For the 2017 Whitney Biennial, American artist Rafa Esparza created a rotunda with adobe bricks sourced from the land and water of his native California in order to give museum visitors the sensorial experience of being “surrounded by that much earth,” as opposed to a white cube. In Tierra. Sangre. Oro, a new exhibition at the Ballroom Marfa, he’s using the bricks to explore “the visibility of Brown people” in the Texas city.

Esparza produced this site-specific installation as part of a summer residence in Marfa. There, he had the idea to create a “Brown laboratory” —that is, a place where guest artists and the local Latino community could explore issues of colonialism, labor, masculinity and queer culture. He also used the exhibition as a vehicle to explore personal history, having been born in Los Angeles to Mexican parents —in Spanish, the title means “Land. Blood. Gold” and his preferred means of communication, the adobe brick, is widespread in northern Mexico.
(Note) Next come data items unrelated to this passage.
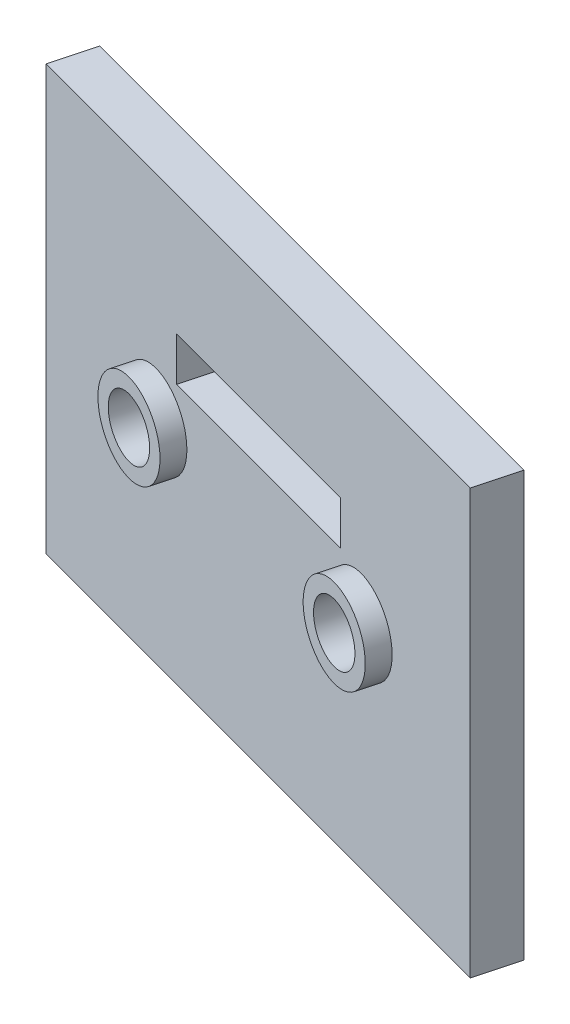
ISO-10303-21;
HEADER;
FILE_DESCRIPTION(('STEP AP214'),'2;1');
FILE_NAME('part.step','',(''),(''),'','','');
FILE_SCHEMA(('AUTOMOTIVE_DESIGN { 1 0 10303 214 1 1 1 1 }'));
ENDSEC;
DATA;
#1=APPLICATION_CONTEXT('core data for automotive mechanical design processes');
#2=APPLICATION_PROTOCOL_DEFINITION('international standard','automotive_design',2000,#1);
#3=PRODUCT_CONTEXT('',#1,'mechanical');
#4=PRODUCT('Part','Part','',(#3));
#5=PRODUCT_RELATED_PRODUCT_CATEGORY('part','',(#4));
#6=PRODUCT_DEFINITION_FORMATION('','',#4);
#7=PRODUCT_DEFINITION_CONTEXT('part definition',#1,'design');
#8=PRODUCT_DEFINITION('design','',#6,#7);
#9=PRODUCT_DEFINITION_SHAPE('','',#8);
#10=(LENGTH_UNIT() NAMED_UNIT(*) SI_UNIT(.MILLI.,.METRE.));
#11=(NAMED_UNIT(*) PLANE_ANGLE_UNIT() SI_UNIT($,.RADIAN.));
#12=(NAMED_UNIT(*) SI_UNIT($,.STERADIAN.) SOLID_ANGLE_UNIT());
#13=UNCERTAINTY_MEASURE_WITH_UNIT(LENGTH_MEASURE(1.E-05),#10,'distance_accuracy_value','');
#14=(GEOMETRIC_REPRESENTATION_CONTEXT(3) GLOBAL_UNCERTAINTY_ASSIGNED_CONTEXT((#13)) GLOBAL_UNIT_ASSIGNED_CONTEXT((#10,
#11,#12)) REPRESENTATION_CONTEXT('',''));
#15=CARTESIAN_POINT('',(0.,0.,0.));
#16=DIRECTION('',(0.,0.,1.));
#17=DIRECTION('',(1.,0.,0.));
#18=AXIS2_PLACEMENT_3D('',#15,#16,#17);
#19=CARTESIAN_POINT('',(47.9030584365936,15.,8.28023479431847));
#20=DIRECTION('',(-0.965925826289069,0.,-0.258819045102521));
#21=DIRECTION('',(-0.258819045102521,0.,0.965925826289069));
#22=AXIS2_PLACEMENT_3D('',#19,#20,#21);
#23=PLANE('',#22);
#24=DIRECTION('',(0.,1.,0.));
#25=VECTOR('',#24,1.);
#26=CARTESIAN_POINT('',(48.6795155719012,15.,5.38245731545126));
#27=LINE('',#26,#25);
#28=CARTESIAN_POINT('',(48.6795155719012,-14.,5.38245731545126));
#29=VERTEX_POINT('',#28);
#30=CARTESIAN_POINT('',(48.6795155719012,15.,5.38245731545126));
#31=VERTEX_POINT('',#30);
#32=EDGE_CURVE('E153',#29,#31,#27,.T.);
#33=ORIENTED_EDGE('',*,*,#32,.T.);
#34=DIRECTION('',(0.258819045102521,0.,-0.965925826289069));
#35=VECTOR('',#34,1.);
#36=CARTESIAN_POINT('',(47.9030584365936,15.,8.28023479431847));
#37=LINE('',#36,#35);
#38=CARTESIAN_POINT('',(47.9030584365936,15.,8.28023479431847));
#39=VERTEX_POINT('',#38);
#40=EDGE_CURVE('E46',#39,#31,#37,.T.);
#41=ORIENTED_EDGE('',*,*,#40,.F.);
#42=DIRECTION('',(0.,1.,0.));
#43=VECTOR('',#42,1.);
#44=CARTESIAN_POINT('',(47.9030584365936,15.,8.28023479431847));
#45=LINE('',#44,#43);
#46=CARTESIAN_POINT('',(47.9030584365936,-14.,8.28023479431847));
#47=VERTEX_POINT('',#46);
#48=EDGE_CURVE('E156',#47,#39,#45,.T.);
#49=ORIENTED_EDGE('',*,*,#48,.F.);
#50=DIRECTION('',(0.258819045102521,0.,-0.965925826289069));
#51=VECTOR('',#50,1.);
#52=CARTESIAN_POINT('',(47.9030584365936,-14.,8.28023479431847));
#53=LINE('',#52,#51);
#54=EDGE_CURVE('E166',#47,#29,#53,.T.);
#55=ORIENTED_EDGE('',*,*,#54,.T.);
#56=EDGE_LOOP('',(#33,#41,#49,#55));
#57=FACE_BOUND('',#56,.T.);
#58=ADVANCED_FACE('F39',(#57),#23,.F.);
#59=CARTESIAN_POINT('',(8.3000995587418,15.,-2.33134605488488));
#60=DIRECTION('',(0.,-1.,0.));
#61=DIRECTION('',(0.258819045102521,0.,-0.965925826289069));
#62=AXIS2_PLACEMENT_3D('',#59,#60,#61);
#63=PLANE('',#62);
#64=DIRECTION('',(-0.965925826289069,0.,-0.258819045102521));
#65=VECTOR('',#64,1.);
#66=CARTESIAN_POINT('',(9.07655669404936,15.,-5.22912353375209));
#67=LINE('',#66,#65);
#68=CARTESIAN_POINT('',(9.07655669404936,15.,-5.22912353375209));
#69=VERTEX_POINT('',#68);
#70=EDGE_CURVE('E169',#31,#69,#67,.T.);
#71=ORIENTED_EDGE('',*,*,#70,.T.);
#72=DIRECTION('',(0.258819045102521,0.,-0.965925826289069));
#73=VECTOR('',#72,1.);
#74=CARTESIAN_POINT('',(8.3000995587418,15.,-2.33134605488488));
#75=LINE('',#74,#73);
#76=CARTESIAN_POINT('',(8.3000995587418,15.,-2.33134605488488));
#77=VERTEX_POINT('',#76);
#78=EDGE_CURVE('E179',#77,#69,#75,.T.);
#79=ORIENTED_EDGE('',*,*,#78,.F.);
#80=DIRECTION('',(-0.965925826289069,0.,-0.258819045102521));
#81=VECTOR('',#80,1.);
#82=CARTESIAN_POINT('',(8.3000995587418,15.,-2.33134605488488));
#83=LINE('',#82,#81);
#84=EDGE_CURVE('E159',#39,#77,#83,.T.);
#85=ORIENTED_EDGE('',*,*,#84,.F.);
#86=ORIENTED_EDGE('',*,*,#40,.T.);
#87=EDGE_LOOP('',(#71,#79,#85,#86));
#88=FACE_BOUND('',#87,.T.);
#89=ADVANCED_FACE('F184',(#88),#63,.F.);
#90=CARTESIAN_POINT('',(8.3000995587418,15.,-2.33134605488488));
#91=DIRECTION('',(0.965925826289069,0.,0.258819045102521));
#92=DIRECTION('',(0.,1.,0.));
#93=AXIS2_PLACEMENT_3D('',#90,#91,#92);
#94=PLANE('',#93);
#95=DIRECTION('',(0.,-1.,0.));
#96=VECTOR('',#95,1.);
#97=CARTESIAN_POINT('',(9.07655669404936,15.,-5.22912353375209));
#98=LINE('',#97,#96);
#99=CARTESIAN_POINT('',(9.07655669404937,-14.,-5.22912353375209));
#100=VERTEX_POINT('',#99);
#101=EDGE_CURVE('E171',#69,#100,#98,.T.);
#102=ORIENTED_EDGE('',*,*,#101,.T.);
#103=DIRECTION('',(0.258819045102521,0.,-0.965925826289069));
#104=VECTOR('',#103,1.);
#105=CARTESIAN_POINT('',(8.3000995587418,-14.,-2.33134605488488));
#106=LINE('',#105,#104);
#107=CARTESIAN_POINT('',(8.3000995587418,-14.,-2.33134605488488));
#108=VERTEX_POINT('',#107);
#109=EDGE_CURVE('E176',#108,#100,#106,.T.);
#110=ORIENTED_EDGE('',*,*,#109,.F.);
#111=DIRECTION('',(0.,-1.,0.));
#112=VECTOR('',#111,1.);
#113=CARTESIAN_POINT('',(8.3000995587418,15.,-2.33134605488488));
#114=LINE('',#113,#112);
#115=EDGE_CURVE('E162',#77,#108,#114,.T.);
#116=ORIENTED_EDGE('',*,*,#115,.F.);
#117=ORIENTED_EDGE('',*,*,#78,.T.);
#118=EDGE_LOOP('',(#102,#110,#116,#117));
#119=FACE_BOUND('',#118,.T.);
#120=ADVANCED_FACE('F195',(#119),#94,.F.);
#121=CARTESIAN_POINT('',(8.3000995587418,-14.,-2.33134605488488));
#122=DIRECTION('',(0.,1.,0.));
#123=DIRECTION('',(-0.258819045102521,0.,0.965925826289069));
#124=AXIS2_PLACEMENT_3D('',#121,#122,#123);
#125=PLANE('',#124);
#126=DIRECTION('',(0.965925826289069,0.,0.258819045102521));
#127=VECTOR('',#126,1.);
#128=CARTESIAN_POINT('',(9.07655669404937,-14.,-5.22912353375209));
#129=LINE('',#128,#127);
#130=EDGE_CURVE('E160',#100,#29,#129,.T.);
#131=ORIENTED_EDGE('',*,*,#130,.T.);
#132=ORIENTED_EDGE('',*,*,#54,.F.);
#133=DIRECTION('',(0.965925826289069,0.,0.258819045102521));
#134=VECTOR('',#133,1.);
#135=CARTESIAN_POINT('',(8.3000995587418,-14.,-2.33134605488488));
#136=LINE('',#135,#134);
#137=EDGE_CURVE('E164',#108,#47,#136,.T.);
#138=ORIENTED_EDGE('',*,*,#137,.F.);
#139=ORIENTED_EDGE('',*,*,#109,.T.);
#140=EDGE_LOOP('',(#131,#132,#138,#139));
#141=FACE_BOUND('',#140,.T.);
#142=ADVANCED_FACE('F199',(#141),#125,.F.);
#143=CARTESIAN_POINT('',(28.1015789976677,0.5,2.97444436971679));
#144=DIRECTION('',(-0.258819045102521,0.,0.965925826289069));
#145=DIRECTION('',(0.965925826289069,0.,0.258819045102521));
#146=AXIS2_PLACEMENT_3D('',#143,#144,#145);
#147=PLANE('',#146);
#148=DIRECTION('',(0.,1.,0.));
#149=VECTOR('',#148,1.);
#150=CARTESIAN_POINT('',(35.7835278321749,0.5,5.03281635622019));
#151=LINE('',#150,#149);
#152=CARTESIAN_POINT('',(35.7835278321749,3.75000000000001,5.0328163562202));
#153=VERTEX_POINT('',#152);
#154=CARTESIAN_POINT('',(35.7835278321749,6.75000000000001,5.0328163562202));
#155=VERTEX_POINT('',#154);
#156=EDGE_CURVE('E125',#153,#155,#151,.T.);
#157=ORIENTED_EDGE('',*,*,#156,.F.);
#158=DIRECTION('',(0.965925826289068,0.,0.258819045102521));
#159=VECTOR('',#158,1.);
#160=CARTESIAN_POINT('',(28.1015789976677,3.75000000000001,2.97444436971679));
#161=LINE('',#160,#159);
#162=CARTESIAN_POINT('',(20.4830859415634,3.75000000000001,0.93307530779153));
#163=VERTEX_POINT('',#162);
#164=EDGE_CURVE('E127',#163,#153,#161,.T.);
#165=ORIENTED_EDGE('',*,*,#164,.F.);
#166=DIRECTION('',(0.,-1.,0.));
#167=VECTOR('',#166,1.);
#168=CARTESIAN_POINT('',(20.4830859415634,0.5,0.933075307791529));
#169=LINE('',#168,#167);
#170=CARTESIAN_POINT('',(20.4830859415634,6.75000000000001,0.933075307791529));
#171=VERTEX_POINT('',#170);
#172=EDGE_CURVE('E106',#171,#163,#169,.T.);
#173=ORIENTED_EDGE('',*,*,#172,.F.);
#174=DIRECTION('',(-0.965925826289068,0.,-0.258819045102521));
#175=VECTOR('',#174,1.);
#176=CARTESIAN_POINT('',(28.1015789976677,6.75000000000001,2.97444436971679));
#177=LINE('',#176,#175);
#178=EDGE_CURVE('E129',#155,#171,#177,.T.);
#179=ORIENTED_EDGE('',*,*,#178,.F.);
#180=EDGE_LOOP('',(#157,#165,#173,#179));
#181=FACE_BOUND('',#180,.T.);
#182=CARTESIAN_POINT('',(37.715379484753,0.500000000000006,5.55045444642524));
#183=DIRECTION('',(-0.258819045102521,0.,0.965925826289069));
#184=DIRECTION('',(0.965925826289069,0.,0.258819045102521));
#185=AXIS2_PLACEMENT_3D('',#182,#183,#184);
#186=CIRCLE('',#185,3.);
#187=CARTESIAN_POINT('',(40.6131569636202,0.500000000000006,6.3269115817328));
#188=VERTEX_POINT('',#187);
#189=EDGE_CURVE('E143',#188,#188,#186,.T.);
#190=ORIENTED_EDGE('',*,*,#189,.F.);
#191=EDGE_LOOP('',(#190));
#192=FACE_BOUND('',#191,.T.);
#193=CARTESIAN_POINT('',(18.5512342889853,0.500000000000006,0.415437217586492));
#194=DIRECTION('',(-0.258819045102521,0.,0.965925826289069));
#195=DIRECTION('',(0.965925826289069,0.,0.258819045102521));
#196=AXIS2_PLACEMENT_3D('',#193,#194,#195);
#197=CIRCLE('',#196,3.);
#198=CARTESIAN_POINT('',(21.4490117678525,0.500000000000006,1.19189435289405));
#199=VERTEX_POINT('',#198);
#200=EDGE_CURVE('E147',#199,#199,#197,.T.);
#201=ORIENTED_EDGE('',*,*,#200,.F.);
#202=EDGE_LOOP('',(#201));
#203=FACE_BOUND('',#202,.T.);
#204=ORIENTED_EDGE('',*,*,#48,.T.);
#205=ORIENTED_EDGE('',*,*,#84,.T.);
#206=ORIENTED_EDGE('',*,*,#115,.T.);
#207=ORIENTED_EDGE('',*,*,#137,.T.);
#208=EDGE_LOOP('',(#204,#205,#206,#207));
#209=FACE_BOUND('',#208,.T.);
#210=ADVANCED_FACE('F201',(#181,#192,#203,#209),#147,.T.);
#211=CARTESIAN_POINT('',(28.8780361329753,0.5,0.0766668908495881));
#212=DIRECTION('',(-0.258819045102521,0.,0.965925826289069));
#213=DIRECTION('',(0.965925826289069,0.,0.258819045102521));
#214=AXIS2_PLACEMENT_3D('',#211,#212,#213);
#215=PLANE('',#214);
#216=CARTESIAN_POINT('',(38.4918366200606,0.500000000000006,2.65267696755803));
#217=DIRECTION('',(-0.258819045102521,0.,0.965925826289069));
#218=DIRECTION('',(0.965925826289069,0.,0.258819045102521));
#219=AXIS2_PLACEMENT_3D('',#216,#217,#218);
#220=CIRCLE('',#219,2.);
#221=CARTESIAN_POINT('',(40.4236882726387,0.500000000000006,3.17031505776307));
#222=VERTEX_POINT('',#221);
#223=EDGE_CURVE('E140',#222,#222,#220,.T.);
#224=ORIENTED_EDGE('',*,*,#223,.T.);
#225=EDGE_LOOP('',(#224));
#226=FACE_BOUND('',#225,.T.);
#227=DIRECTION('',(-0.965925826289068,0.,-0.258819045102521));
#228=VECTOR('',#227,1.);
#229=CARTESIAN_POINT('',(36.5599849674824,3.75000000000001,2.13503887735299));
#230=LINE('',#229,#228);
#231=CARTESIAN_POINT('',(36.5599849674824,3.75000000000001,2.13503887735299));
#232=VERTEX_POINT('',#231);
#233=CARTESIAN_POINT('',(21.259543076871,3.75000000000001,-1.96470217107567));
#234=VERTEX_POINT('',#233);
#235=EDGE_CURVE('E111',#232,#234,#230,.T.);
#236=ORIENTED_EDGE('',*,*,#235,.F.);
#237=DIRECTION('',(0.,1.,0.));
#238=VECTOR('',#237,1.);
#239=CARTESIAN_POINT('',(36.5599849674824,0.5,2.13503887735299));
#240=LINE('',#239,#238);
#241=CARTESIAN_POINT('',(36.5599849674824,6.75000000000001,2.13503887735299));
#242=VERTEX_POINT('',#241);
#243=EDGE_CURVE('E120',#232,#242,#240,.T.);
#244=ORIENTED_EDGE('',*,*,#243,.T.);
#245=DIRECTION('',(-0.965925826289068,0.,-0.258819045102521));
#246=VECTOR('',#245,1.);
#247=CARTESIAN_POINT('',(28.8780361329753,6.75000000000001,0.0766668908495881));
#248=LINE('',#247,#246);
#249=CARTESIAN_POINT('',(21.259543076871,6.75000000000001,-1.96470217107568));
#250=VERTEX_POINT('',#249);
#251=EDGE_CURVE('E11',#242,#250,#248,.T.);
#252=ORIENTED_EDGE('',*,*,#251,.T.);
#253=DIRECTION('',(0.,-1.,0.));
#254=VECTOR('',#253,1.);
#255=CARTESIAN_POINT('',(21.259543076871,0.5,-1.96470217107568));
#256=LINE('',#255,#254);
#257=EDGE_CURVE('E103',#250,#234,#256,.T.);
#258=ORIENTED_EDGE('',*,*,#257,.T.);
#259=EDGE_LOOP('',(#236,#244,#252,#258));
#260=FACE_BOUND('',#259,.T.);
#261=CARTESIAN_POINT('',(19.3276914242928,0.500000000000006,-2.48234026128071));
#262=DIRECTION('',(-0.258819045102521,0.,0.965925826289069));
#263=DIRECTION('',(0.965925826289069,0.,0.258819045102521));
#264=AXIS2_PLACEMENT_3D('',#261,#262,#263);
#265=CIRCLE('',#264,2.);
#266=CARTESIAN_POINT('',(21.259543076871,0.500000000000006,-1.96470217107567));
#267=VERTEX_POINT('',#266);
#268=EDGE_CURVE('E134',#267,#267,#265,.T.);
#269=ORIENTED_EDGE('',*,*,#268,.T.);
#270=EDGE_LOOP('',(#269));
#271=FACE_BOUND('',#270,.T.);
#272=ORIENTED_EDGE('',*,*,#32,.F.);
#273=ORIENTED_EDGE('',*,*,#130,.F.);
#274=ORIENTED_EDGE('',*,*,#101,.F.);
#275=ORIENTED_EDGE('',*,*,#70,.F.);
#276=EDGE_LOOP('',(#272,#273,#274,#275));
#277=FACE_BOUND('',#276,.T.);
#278=ADVANCED_FACE('F117',(#226,#260,#271,#277),#215,.F.);
#279=CARTESIAN_POINT('',(18.1630057213315,0.500000000000006,1.8643259570201));
#280=DIRECTION('',(0.258819045102521,0.,-0.965925826289069));
#281=DIRECTION('',(-0.965925826289069,0.,-0.258819045102521));
#282=AXIS2_PLACEMENT_3D('',#279,#280,#281);
#283=CYLINDRICAL_SURFACE('',#282,3.);
#284=CARTESIAN_POINT('',(18.1630057213315,0.500000000000006,1.8643259570201));
#285=DIRECTION('',(-0.258819045102521,0.,0.965925826289069));
#286=DIRECTION('',(0.965925826289069,0.,0.258819045102521));
#287=AXIS2_PLACEMENT_3D('',#284,#285,#286);
#288=CIRCLE('',#287,3.);
#289=CARTESIAN_POINT('',(21.0607832001987,0.500000000000006,2.64078309232766));
#290=VERTEX_POINT('',#289);
#291=EDGE_CURVE('E150',#290,#290,#288,.T.);
#292=ORIENTED_EDGE('',*,*,#291,.F.);
#293=EDGE_LOOP('',(#292));
#294=FACE_BOUND('',#293,.T.);
#295=ORIENTED_EDGE('',*,*,#200,.T.);
#296=EDGE_LOOP('',(#295));
#297=FACE_BOUND('',#296,.T.);
#298=ADVANCED_FACE('F207',(#294,#297),#283,.T.);
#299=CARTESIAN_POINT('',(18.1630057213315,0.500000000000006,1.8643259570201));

Curated by Ballroom’s executive director Laura Copelin, the exhibition has covered existing space and layered structural additions to the venue’s façade, galleries and courtyard, in order to produce tangible spaces for dialogue. But Esparza also created some intangible ones: for example, he held an adobe brick-making workshop last week with Marfa Independent School District students, who apart from learning the dying technique were invited to discuss the role of the brick as a metaphor for Texas/Mexico tension, as well as matters of cultural heritage, ecology and politics.

And nowadays, with the possibility of a very different type of construction rising to further sink the divisions between inhabitants on both sides of the border, Esparza’s use of an adobe wall to bring the community together could not be more significant.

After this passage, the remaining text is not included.